Rust WritableHashMap based on a faster hash function and Python dictionaries with Read and Write traits in order to write and read hash tables from files without serialization/deserialization and rehashing.
This is a modification of tmmcguire/fasthashmap with Read and Write traits.
The hash function used by this map is not cryptographically strong. This map is open to denial of service attacks.
CAUTION IS ADVISED.
The implementation in this module currently supports many of the same methods as std::collections::HashMap, but not all.
let map = WritableHashMap::new();
Constructs a map with a default capacity, currently 8. The map will expand as necessary.
let map = WritableHashMap::with_capacity( 30 );
Constructs a map with a capacity of at least 30.

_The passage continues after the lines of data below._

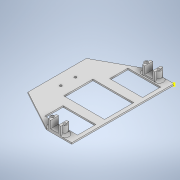
# Autodesk Inventor part: Part4
Saved by Autodesk Inventor 2020 (Build 240168000, 168)
## iProperties
Created: 2023-02-02
Part Number: Part4
Material: Generic
Document SubType Name: Modeling
Designer: aniela
Density: 1 g/cm^3
Appearance: Default
Author: aniela
Autodesk Inventor part; units mm, degrees
ref_plane "YZ Plane" through (0, 0, 0) normal (1, 0, 0) x (0, 1, 0)
ref_plane "XZ Plane" through (0, 0, 0) normal (0, 1, 0) x (-1, 0, 0)
ref_plane "XY Plane" through (0, 0, 0) normal (0, 0, 1) x (1, 0, 0)
sketch "Sketch1" plane through (0, 0, 0) normal (0, 1, 0) x (-1, 0, 0)
  line L0 (0, 0) -> (35, 0) construction
  line L1 (90, 30) -> (90, 110) construction
  line L2 (35, 140) -> (0, 140)
  line L3 (0, 140) -> (0, 0)
  line L4 (0, 0) -> (35, 0) construction
  line L5 (35, 0) -> (35, 140) construction
  line L6 (35, 140) -> (0, 140) construction
  line L7 (0, 140) -> (0, 0) construction
  line L8 (90, 110) -> (35, 140) construction
  line L9 (35, 0) -> (90, 30) construction
  line L10 (35, 140) -> (90, 110) construction
  line L11 (35, 0) -> (90, 30) construction
  line L12 (90, 110) -> (90, 30) construction
  line L13 (35, 0) -> (90, 30)
  line L14 (90, 30) -> (90, 110)
  line L15 (90, 110) -> (35, 140)
  line L16 (5, 127) -> (50, 127) construction
  line L17 (50, 127) -> (50, 102) construction
  line L18 (50, 102) -> (5, 102) construction
  line L19 (5, 102) -> (5, 127) construction
  line L20 (50, 127) -> (50, 102) construction
  line L21 (50, 102) -> (5, 102) construction
  line L22 (50, 127) -> (50, 102)
  line L23 (50, 127) -> (5, 127)
  line L24 (50, 102) -> (5, 102)
  line L25 (5, 102) -> (5, 127)
  line L26 (35, 0) -> (0, 0) construction
  line L27 (5, 13) -> (50, 13) construction
  line L28 (50, 13) -> (50, 38) construction
  line L29 (50, 38) -> (5, 38) construction
  line L30 (5, 38) -> (5, 13) construction
  line L31 (50, 38) -> (5, 38) construction
  line L32 (5, 38) -> (5, 13) construction
  line L33 (5, 13) -> (50, 13) construction
  line L34 (50, 13) -> (50, 38) construction
  line L35 (5, 13) -> (50, 13) construction
  line L36 (50, 13) -> (50, 38) construction
  line L37 (50, 38) -> (5, 38) construction
  line L38 (5, 38) -> (5, 13) construction
  line L39 (50, 38) -> (50, 13)
  line L40 (50, 13) -> (5, 13)
  line L41 (5, 13) -> (5, 38)
  line L42 (5, 38) -> (50, 38)
  line L43 (9.9818, 0) -> (0, 0) construction
  line L44 (0, 0) -> (0, 50) construction
  line L45 (0, 50) -> (9.9818, 50) construction
  line L46 (9.9818, 50) -> (9.9818, 0) construction
  line L47 (5, 50) -> (61, 50) construction
  line L48 (61, 50) -> (61, 87) construction
  line L49 (5, 87) -> (5, 50) construction
  line L50 (5, 87) -> (5, 50) construction
  line L51 (5, 50) -> (61, 50) construction
  line L52 (61, 50) -> (61, 87) construction
  line L53 (61, 87) -> (61, 50) construction
  line L54 (61, 50) -> (5, 50)
  line L55 (35, 0) -> (0, 0)
  line L56 (61, 50) -> (61, 90)
  line L57 (61, 90) -> (5, 90)
  line L58 (5, 50) -> (5, 90)
  point P0 (90, 140)
  point P1 (90, 0)
  dimension "d0" = 90
  dimension "d1" = 140
  dimension "d3" = 30
  dimension "d4" = 55
  dimension "d7" = 80
  dimension "d9" = 45
  dimension "d10" = 25
  dimension "d11" = 35
  dimension "d12" = 13
  dimension "d13" = 5
  dimension "d14" = 25
  dimension "d15" = 45
  dimension "d16" = 5
  dimension "d17" = 50
  dimension "d18" = 56
  dimension "d108" = 12
  dimension "d110" = 12
  dimension "d112" = 40
  constraints: 118 end point, 18 collinear, 16 parallel, 9 perpendicular, 9 point on line, 8 horizontal, 1 vertical
  measures "d0" distance of L2.end point (90, 140)
  measures "d1" distance of point (90, 140) point (90, 0)
  measures "d3" distance of L1.end point (90, 140)
  measures "d4" distance of L2.start point (90, 140)
  measures "d7" distance of L1.start L1.end
  measures "d9" distance of L17.end L18.end
  measures "d10" distance of L16.end L17.end
  measures "d11" distance of L2.start L2.end
  measures "d12" distance between parallel lines of L2 L16
  measures "d13" distance from line of L3 L18.end
  measures "d14" distance of L28.end L27.end
  measures "d15" distance of L28.end L31.end
  measures "d16" distance from line of L3 L27.start
  measures "d17" distance of L43.end L44.end
  measures "d18" distance of L49.start L48.end
  measures "d108" distance between parallel lines of L47 L37
  measures "d110" distance between parallel lines of L18 L57
  measures "d112" distance of L51.end L56.end
sketch "Sketch2" plane through (0, 0, 0) normal (0, 1, 0) x (-1, 0, 0)
  point P0 (0, 0)
sketch "Sketch3" plane through (0, 0, 0) normal (0, 1, 0) x (-1, 0, 0)
  point P0 (0, 0)
sketch "Sketch4" plane through (0, 0, 0) normal (0, 1, 0) x (-1, 0, 0)
  line L0 (0, 0) -> (35.5492, 0)
  line L1 (0, 0) -> (35, 0) construction
  line L2 (35, 0) -> (90, 30) construction
  line L3 (35, 0) -> (0, 0)
  constraints: 4 end point, 2 horizontal
extrude "Extrusion1" add sketch "Sketch1" along normal blind 2
sketch "Sketch5" plane through (0, 2, 0) normal (0, 1, 0) x (1, 0, 0)
  line L0 (0, 0) -> (-35, 0) projected
  line L1 (-15, 0) -> (-32, 0)
  line L2 (-32, 0) -> (-32, -11)
  line L3 (-32, -11) -> (-15, -11)
  line L4 (-15, -11) -> (-15, 0)
  line L5 (-32, 0) -> (-15, 0)
  line L6 (-15, 0) -> (-15, -11)
  line L7 (-15, -11) -> (-32, -11)
  line L8 (-32, -11) -> (-32, 0)
  line L9 (-35, -140) -> (0, -140) projected
  line L10 (-15, -140) -> (-32, -140)
  line L11 (-32, -140) -> (-32, -129)
  line L12 (-32, -129) -> (-15, -129)
  line L13 (-15, -129) -> (-15, -140)
  line L14 (-32, -129) -> (-15, -129)
  line L15 (-15, -129) -> (-15, -140)
  line L16 (-15, -140) -> (-32, -140)
  line L17 (-32, -140) -> (-32, -129)
  dimension "d22" = 17
  dimension "d23" = 11
  dimension "d24" = 11
  constraints: 32 end point, 8 parallel, 4 horizontal, 4 perpendicular, 4 point on line
  measures "d22" distance of L3.end L2.end
  measures "d23" distance of L2.end L1.end
  measures "d24" distance of L10.end L11.end
extrude "Extrusion2" add sketch "Sketch5" along normal blind 2
sketch "Sketch6" plane through (0, 4, 0) normal (0, 1, 0) x (1, 0, 0)
  line L0 (-32, 0) -> (-32, -11) projected
  line L1 (-32, 0) -> (-29, 0)
  line L2 (-29, 0) -> (-29, -11)
  line L3 (-29, -11) -> (-32, -11)
  line L4 (-32, -11) -> (-32, 0)
  line L5 (-15, -11) -> (-15, 0) projected
  line L6 (-32, -11) -> (-15, -11) projected
  line L7 (-15, 0) -> (-18, 0)
  line L8 (-18, 0) -> (-18, -11)
  line L9 (-18, -11) -> (-15, -11)
  line L10 (-15, -11) -> (-15, 0)
  line L11 (-32, -11) -> (-32, 0)
  line L12 (0, 0) -> (-35, 0) projected
  line L13 (-32, -11) -> (-15, -11)
  line L14 (-32, 0) -> (-15, 0)
  line L15 (-15, -129) -> (-15, -140) projected
  line L16 (-32, -129) -> (-15, -129) projected
  line L17 (-15, -140) -> (-18, -140)
  line L18 (-18, -140) -> (-18, -129)
  line L19 (-18, -129) -> (-15, -129)
  line L20 (-15, -129) -> (-15, -140)
  line L21 (-32, -129) -> (-29, -129)
  line L22 (-29, -129) -> (-29, -140)
  line L23 (-29, -140) -> (-32, -140)
  line L24 (-32, -140) -> (-32, -129)
  line L25 (-35, -140) -> (-32, -140) projected
  line L26 (-32, -140) -> (-32, -129)
  line L27 (-32, -129) -> (-15, -129)
  line L28 (-18, -129) -> (-18, -140)
  line L29 (-35, -140) -> (0, -140) projected
  line L30 (-29, -129) -> (-29, -140)
  dimension "d27" = 3
  dimension "d28" = 3
  constraints: 46 end point, 11 equal length, 8 perpendicular, 4 horizontal, 4 point on line
  measures "d27" distance of L2.end L3.end
  measures "d28" distance of L9.end L8.end
extrude "Extrusion3" add sketch "Sketch6" along normal blind 10 contours L15 L17 L18 L16 | L22 L23 L24 L16
sketch "Sketch7" plane through (0, 4, 0) normal (0, 1, 0) x (1, 0, 0)
  line L0 (-15, -11) -> (-15, 0) projected
  line L1 (-32, -11) -> (-15, -11) projected
  line L2 (-15, 0) -> (-18, 0)
  line L3 (-18, 0) -> (-18, -11)
  line L4 (-18, -11) -> (-15, -11)
  line L5 (-15, -11) -> (-15, 0)
  line L6 (-18, -11) -> (-15, -11)
  line L7 (-15, -11) -> (-15, 0)
  line L8 (-15, 0) -> (-18, 0)
  line L9 (-18, 0) -> (-18, -11)
  line L10 (-32, 0) -> (-32, -11) projected
  line L11 (-32, 0) -> (-29, 0)
  line L12 (-29, 0) -> (-29, -11)
  line L13 (-29, -11) -> (-32, -11)
  line L14 (-32, -11) -> (-32, 0)
  line L15 (-18, -11) -> (-29, -11)
  point P0 (0, 0)
  dimension "d31" = 3
  dimension "d32" = 3
  constraints: 26 end point, 6 parallel, 4 perpendicular, 3 horizontal, 2 point on line
  measures "d31" distance of L4.end L3.end
  measures "d32" distance of L12.end L13.end
extrude "Extrusion4" add sketch "Sketch7" along normal blind 10
sketch "Sketch8" plane through (0, 2, 0) normal (0, 1, 0) x (1, 0, 0)
  line L0 (-80, -55) -> (-70, -55)
  line L1 (-70, -55) -> (-70, -85)
  line L2 (-70, -85) -> (-80, -85)
  line L3 (-80, -85) -> (-80, -55)
  circle A0 centre (-75, -60) radius 1.5
  circle A1 centre (-75, -80) radius 1.5
  point P0 (0, 0)
  dimension "d35" = 10
  dimension "d36" = 30
  dimension "d37" = 3
  dimension "d38" = 3
  constraints: 8 end point, 2 centre point, 2 parallel, 1 horizontal, 1 perpendicular
  measures "d35" distance of L1.end L2.end
  measures "d36" distance of L0.end L1.end
  measures "d37" diameter of A0
  measures "d38" diameter of A1
extrude "Extrusion5" cut sketch "Sketch8" along normal blind 2
sketch "Sketch9" plane through (-75, 2, 80) normal (0, 1, 0) x (1, 0, 0)
  point P0 (75, 80)
  point P1 (-0.0687, 0.0063)
hole "Hole1" at (-75.0687, 2, 79.9937) direction (0, -1, 0) diameter 3 end through all
sketch "Sketch10" plane through (-75, 2, 60) normal (0, 1, 0) x (1, 0, 0)
  point P0 (75, 60)
  point P1 (-0.0342, 0.0658)
hole "Hole2" at (-75.0342, 2, 59.9342) direction (0, -1, 0) diameter 3 end through all
sketch "Sketch11" plane through (0, 14, 0) normal (0, 1, 0) x (1, 0, 0)
  line L0 (-15, 0) -> (-15, -11) projected
  circle A0 centre (-15, -5.5) radius 3
  line L1 (-32, -11) -> (-32, 0) projected
  circle A1 centre (-32, -5.5) radius 3
  point P0 (0, 0)
  point P1 (-15, -2.5)
  point P2 (-15, -8.5)
  point P3 (-32, -2.5)
  point P4 (-32, -8.5)
  dimension "d55" = 6
  dimension "d56" = 6
  constraints: 2 centre point, 2 midpoint
  measures "d55" diameter of A0
  measures "d56" diameter of A1
extrude "Extrusion6" add sketch "Sketch11" against normal blind 12 contours A0 L0 | A1 L1 picked at (-13.8765, -5.0912) picked at (-33.7524, -6.0681)
sketch "Sketch12" plane through (0, 14, 0) normal (0, 1, 0) x (1, 0, 0)
  arc A0 (-15, -8.5) -> (-15, -2.5) centre (-15, -5.5) ccw projected
  circle A1 centre (-15, -5.5) radius 2
  point P0 (0, 0)
  dimension "d59" = 4
  constraints: 1 centre point, 1 coincident
  measures "d59" diameter of A1
sketch "Sketch13" plane through (0, 14, 0) normal (0, 1, 0) x (1, 0, 0)
  arc A0 (-32, -2.5) -> (-32, -8.5) centre (-32, -5.5) ccw projected
  circle A1 centre (-32, -5.5) radius 2
  point P0 (0, 0)
  dimension "d60" = 4
  constraints: 1 centre point, 1 coincident
  measures "d60" diameter of A1
hole "Hole3" at (-32, 14, 5.5) direction (0, -1, 0) diameter 4 end through all
hole "Hole4" at (-15, 14, 5.5) direction (0, -1, 0) diameter 4 end through all
sketch "Sketch14" plane through (0, 0, 0) normal (0, -1, 0) x (1, 0, 0)
  circle A0 centre (-15, 5.5) radius 2 projected
  circle A1 centre (-15, 5.5) radius 2
  circle A2 centre (-32, 5.5) radius 2 projected
  circle A3 centre (-32, 5.5) radius 2
  circle A4 centre (-15, 5.5) radius 2
  point P0 (0, 0)
  constraints: 3 centre point, 3 coincident, 1 concentric
extrude "Extrusion7" add sketch "Sketch14" against normal blind 2
sketch "Sketch15" plane through (0, 14, 0) normal (0, 1, 0) x (1, 0, 0)
  line L0 (-15, -140) -> (-15, -129) projected
  circle A0 centre (-15, -134.5) radius 3
  line L1 (-18, -129) -> (-18, -140) projected
  point P0 (0, 0)
  constraints: 1 centre point, 1 midpoint, 1 tangent
extrude "Extrusion8" add sketch "Sketch15" against normal blind 12
sketch "Sketch16" plane through (0, 14, 0) normal (0, 1, 0) x (1, 0, 0)
  line L0 (-32, -140) -> (-32, -129) projected
  circle A0 centre (-32, -134.5) radius 3.0002
  point P0 (0, 0)
  point P1 (-32, -131.4998)
  point P2 (-32, -137.5002)
  constraints: 1 centre point, 1 midpoint
extrude "Extrusion9" add sketch "Sketch16" against normal blind 12 contours A0 L0 picked at (-33.3017, -133.9319)
sketch "Sketch17" plane through (0, 14, 0) normal (0, 1, 0) x (1, 0, 0)
  arc A0 (-15, -137.5) -> (-15, -131.5) centre (-15, -134.5) ccw projected
  circle A1 centre (-15, -134.5) radius 2
  arc A2 (-32, -131.4998) -> (-32, -137.5002) centre (-32, -134.5) ccw projected
  circle A3 centre (-32, -134.5) radius 2
  point P0 (0, 0)
  dimension "d81" = 4
  dimension "d82" = 4
  constraints: 2 centre point, 2 coincident
  measures "d81" diameter of A1
  measures "d82" diameter of A3
hole "Hole5" at (-32, 14, 134.5) direction (0, -1, 0) diameter 4 end through all
sketch "Sketch18" plane through (0, 14, 0) normal (0, 1, 0) x (1, 0, 0)
  arc A0 (-15, -137.5) -> (-15, -131.5) centre (-15, -134.5) ccw projected
  circle A1 centre (-15, -134.5) radius 2
  point P0 (0, 0)
  dimension "d7" = 80
  dimension "d11" = 35
  dimension "d90" = 4
  constraints: 1 centre point, 1 coincident
  measures "d90" diameter of A1
hole "Hole6" at (-15, 14, 134.5) direction (0, -1, 0) diameter 4 end through all
sketch "Sketch19" plane through (0, 0, 0) normal (0, -1, 0) x (1, 0, 0)
  point P0 (0, 0)
sketch "Sketch20" plane through (0, 14, 0) normal (0, 1, 0) x (1, 0, 0)
  circle A0 centre (-32, -134.5) radius 2 projected
  circle A1 centre (-32, -134.5) radius 2
  circle A2 centre (-15, -134.5) radius 2 projected
  circle A3 centre (-15, -134.5) radius 2
  point P0 (0, 0)
  constraints: 2 centre point, 2 coincident
extrude "Extrusion10" add sketch "Sketch20" against normal up to surface (14 mm away)
sketch "Sketch21" plane through (0, 0, 0) normal (0, -1, 0) x (1, 0, 0)
  point P0 (0, 0)
sketch "Sketch22" plane through (0, 14, 0) normal (0, 1, 0) x (1, 0, 0)
  arc A0 (-15, -137.5) -> (-15, -131.5) centre (-15, -134.5) ccw projected
  circle A1 centre (-15, -134.5) radius 2
  arc A2 (-32, -131.4998) -> (-32, -137.5002) centre (-32, -134.5) ccw projected
  circle A3 centre (-32, -134.5) radius 2
  point P0 (0, 0)
  dimension "d100" = 4
  dimension "d101" = 4
  constraints: 2 centre point, 2 coincident
  measures "d100" diameter of A1
  measures "d101" diameter of A3
extrude "Extrusion11" cut sketch "Sketch22" against normal blind 12 contours A1
sketch "Sketch23" plane through (0, 14, 0) normal (0, 1, 0) x (1, 0, 0)
  arc A0 (-32, -131.4998) -> (-32, -137.5002) centre (-32, -134.5) ccw projected
  circle A1 centre (-32, -134.5) radius 2
  point P0 (0, 0)
  dimension "d104" = 4
  constraints: 1 centre point, 1 coincident
  measures "d104" diameter of A1
extrude "Extrusion12" cut sketch "Sketch23" against normal blind 12
sketch "Sketch24" plane through (0, 2, 0) normal (0, 1, 0) x (1, 0, 0)
  point P0 (0, 0)
fillet "Fillet1" radius 3 1 edges at (-35, 2, 5.5)
fillet "Fillet2" radius 3 1 edges at (-12, 2, 5.5)
fillet "Fillet3" radius 3 1 edges at (-12, 2, 134.5)
fillet "Fillet4" radius 3 1 edges at (-35.0002, 2, 134.5)
body "Solid1"
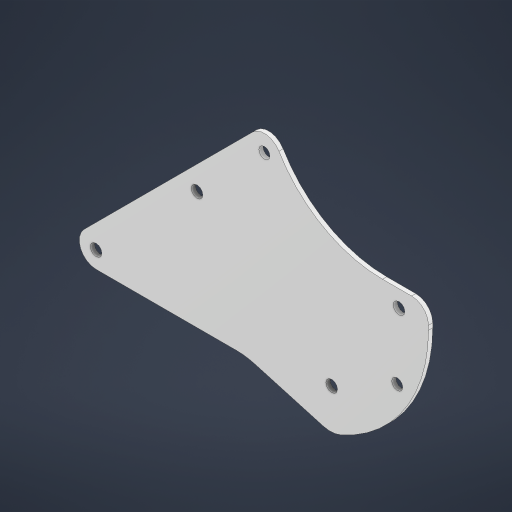
# Autodesk Inventor part: sled
Saved by Autodesk Inventor 2024 (Build 280153000, 153)
## iProperties
Created: 2023-08-16
Part Number: sled
Material: Acetal Resin, White
Document SubType Name: Modeling
Designer: avere
Density: 1.425 g/cm^3
Appearance: Smooth - White
Author: avere
Autodesk Inventor part; units mm, degrees
ref_plane "YZ Plane" through (0, 0, 0) normal (1, 0, 0) x (0, 1, 0)
ref_plane "XZ Plane" through (0, 0, 0) normal (0, 1, 0) x (-1, 0, 0)
ref_plane "XY Plane" through (0, 0, 0) normal (0, 0, 1) x (1, 0, 0)
sketch "Sketch1" plane through (0, 0, 0) normal (0, 0, 1) x (1, 0, 0)
  circle A0 centre (-18.3721, 25.1477) radius 2.1844
  circle A1 centre (57.8279, 25.1477) radius 2.1844
  circle A2 centre (32.4279, -12.9523) radius 2.1844
  circle A3 centre (-56.4721, -12.9523) radius 2.1844
  arc A4 (-60.9623, -8.4622) -> (-56.4721, -19.3023) centre (-56.4721, -12.9523) ccw
  arc A5 (-18.3721, 31.4977) -> (-22.8623, 29.6378) centre (-18.3721, 25.1477) ccw
  line L0 (68.9404, 23.5133) -> (68.9404, 25.1477)
  line L1 (62.5904, 31.4977) -> (57.8279, 31.4977)
  arc A6 (68.9404, 25.1477) -> (62.5904, 31.4977) centre (62.5904, 25.1477) ccw
  line L2 (-3.5614, -19.3023) -> (-56.4721, -19.3023)
  line L3 (-60.9623, -8.4622) -> (-22.8623, 29.6378)
  line L4 (-18.3721, 31.4977) -> (57.8279, 31.4977)
  arc A7 (35.7428, -27.2531) -> (68.9404, 23.5133) centre (13.525, 23.5133) ccw
  line L5 (29.3044, -27.6849) -> (3.4241, -20.2818)
  arc A8 (29.3044, -27.6849) -> (35.7428, -27.2531) centre (31.9239, -18.5272) ccw
  arc A9 (3.4241, -20.2818) -> (-3.5614, -19.3023) centre (-3.5614, -44.7023) ccw
  point P0 (0, 0)
  point P1 (32.4279, -28.5784)
  dimension "d0" = 4.3688
  dimension "d1" = 12.7
  dimension "d2" = 12.7
  dimension "d4" = 6.35
  dimension "d21" = 9.525
  dimension "d22" = 25.4
  constraints: 13 point on circle, 12 end point, 10 centre point, 10 tangent, 2 coincident, 2 vertical, 1 horizontal, 1 point on line, 3 other
  measures "d0" diameter of A1
  measures "d1" diameter of A4
  measures "d2" diameter of A5
  measures "d4" radius of A6
  measures "d21" radius of A8
  measures "d22" radius of A9
extrude "Extrusion1" add sketch "Sketch1" along normal blind 1.5875
sketch "Sketch2" plane through (0, 0, 1.5875) normal (0, 0, 1) x (1, 0, 0)
  circle A0 centre (57.15, 0) radius 2.0828
  point P0 (0, 0)
  dimension "d7" = 4.1656
  constraints: 1 centre point
  measures "d7" diameter of A0
extrude "Extrusion2" cut sketch "Sketch2" against normal blind 1.5875
sketch "Sketch3" plane through (57.8279, 25.1477, 1.5875) normal (0, 0, 1) x (1, 0, 0)
  circle A0 centre (-50.8, 25.4) radius 2.0828
  arc A1 (-45.3375, 28.6378) -> (-55.2901, 29.8901) centre (-50.8, 25.4) ccw
  line L0 (-80.6901, 4.4901) -> (-55.2901, 29.8901)
  arc A2 (-76.2, 6.35) -> (-80.6901, 4.4901) centre (-76.2, 0) ccw projected
  arc A3 (-45.3375, 28.6378) -> (-6.2178, 6.35) centre (-6.2178, 51.8254) ccw
  line L1 (4.7625, 6.35) -> (-76.2, 6.35) projected
  dimension "d17" = 4.1656
  constraints: 5 point on circle, 4 tangent, 3 centre point, 2 end point, 1 coincident, 1 point on line, 1 other
  measures "d17" diameter of A0
extrude "Extrusion4" add sketch "Sketch3" against normal blind 1.5875
body "Solid1"

The implementation in this module currently supports many of the same methods as std::collections::HashSet, but not all.
let set = WritableHashSet::new();
Constructs a set with a default capacity, currently 8. The set will expand as necessary.
The hashing function currently used is DJB2,
unsigned long
hash(unsigned char *str)
{
unsigned long hash = 5381;
int c;
while (c = *str++)
hash = (hash * 33) ^ c;
return hash;
}
It may not be the best, but it is short.
For more information, see http://cr.yp.to/cdb/cdb.txt and http://www.cse.yorku.ca/~oz/hash.html.
The hashtable code is loosely based on Python's dictionaries. Since the HashMap implementation in the Rust standard library has been updated to be Robin Hood Hashing (i.e. bucket stealing), this implementation may not be faster than the standard libraries', although using the DJB2 hash function makes it likely.
It should be possible to mix-n-match hashing function implementations, though, so it might be worth experimenting further. Soon.
For more information on this implementation, see
-
How are Python's Built In Dictionaries Implemented. [StackOverflow]
For information on Robin Hood hashing, see the papers/articles mentioned in the Rust docs:
- Pedro Celis. "Robin Hood Hashing".
- Emmanuel Goossaert. "Robin Hood hashing".
- Emmanuel Goossaert. "Robin Hood hashing: backward shift deletion".